If you encounter a `RuntimeError: CUDA error: invalid argument` due to GPU compatibility with CUDA Graphs in the TDT decoder, disable it in your configuration before transcribing:

```python
decoding_cfg = asr_model.cfg.decoding
decoding_cfg.greedy.use_cuda_graph_decoder = False
asr_model.change_decoding_strategy(decoding_cfg=decoding_cfg)

```

## Model Architecture

This model utilizes the **Hybrid FastConformer-TDT-CTC** architecture with 114 million parameters. FastConformer optimizes the standard Conformer model with 8x depthwise-separable convolutional downsampling. It features two independent but jointly trained decoders: an auto-regressive TDT decoder (default branch) and a convolutional decoder optimized via CTC loss.
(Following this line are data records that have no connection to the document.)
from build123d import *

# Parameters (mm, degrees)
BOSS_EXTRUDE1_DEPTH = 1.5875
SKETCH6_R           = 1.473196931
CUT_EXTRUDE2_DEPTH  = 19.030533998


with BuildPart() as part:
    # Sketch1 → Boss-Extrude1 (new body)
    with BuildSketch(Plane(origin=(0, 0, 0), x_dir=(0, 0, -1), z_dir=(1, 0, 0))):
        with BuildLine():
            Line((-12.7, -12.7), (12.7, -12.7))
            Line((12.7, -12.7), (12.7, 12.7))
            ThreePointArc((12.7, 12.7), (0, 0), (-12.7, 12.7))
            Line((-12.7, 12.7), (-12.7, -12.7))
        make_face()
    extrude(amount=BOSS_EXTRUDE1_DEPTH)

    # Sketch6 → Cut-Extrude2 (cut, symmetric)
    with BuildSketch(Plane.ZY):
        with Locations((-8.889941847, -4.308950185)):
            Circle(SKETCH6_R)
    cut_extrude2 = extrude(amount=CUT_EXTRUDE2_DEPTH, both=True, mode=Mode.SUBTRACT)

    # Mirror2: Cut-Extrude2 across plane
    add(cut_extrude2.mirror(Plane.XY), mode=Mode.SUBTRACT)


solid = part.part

## Training & Fine-Tuning Configurations

Fine-tuning was executed under strict low-resource optimization constraints:

* 
**Optimization Framework:** Regularized using an **Early Stopping mechanism** with a **15-epoch patience window** based on a validation set matching the benchmark distribution.

* 
**Convergence Behavior:** Due to high acoustic data density acting as a natural regularizer, training safely concluded at **epoch 20**, successfully preventing the vocabulary collapse and lexical overfitting typical of small, pristine speech corpora.

* 
**Augmentation Strategy:** This configuration explicitly omitted synthetic spectral masking (`SpecAugment=None`) , demonstrating that physical voice variance from natural human speakers acts as a superior regularizer than artificial noise injection in this specific domain.

## Dataset

The model was fine-tuned on the combined **Main + Duplicate** expanded subset (totaling **45.6 hours**) of the [RobotsMali/an-be-kalan-bench](https://huggingface.co/datasets/RobotsMali/an-be-kalan-bench) dataset.

* 
**Main Split (1.6h):** Clean readings of 22 GAIFE project books recorded by 8 unique speakers.

* 
**Duplicate Split (44h):** A highly dense, multi-speaker redundant corpus featuring natural human speech variations (pitch, accent, child speech dynamics) reading the identical source literature.

## Performance

Performance is disaggregated below across overall results, specific age cohorts, and distinctive book structures using Word Error Rate (WER) and Character Error Rate (CER).

### Overall Evaluation

| Model | Decoding Branch | WER (%) ↓ | CER (%) ↓ | Status |
| --- | --- | --- | --- | --- |
| **soloni-be-kalan** | CTC  | **22.0%** | **8.0%** | <br>*Newly deployed model in An be Kalan app* |
| *soloni-114m-tdt-ctc-v2 (Base)* | CYC | *42.0%* | *15.0%* | <br>*Pre-trained Baseline Reference* |

### Demographic Cohort Breakdown

| Age Cohort | Utterance Count | Baseline WER (%) | Fine-Tuned WER (%) | Key Insights |
| --- | --- | --- | --- | --- |
| **Early Childhood (<10 yrs)** | 93 | 56.0% | **29.0%** | Remains the single largest acoustic error cluster.|
| **Target Cohort (10-15 yrs)** | 527 | — | **22.0%** | Majority representation; stable acoustic profiles.|

## License

This model is released under the **CC-BY-4.0** license.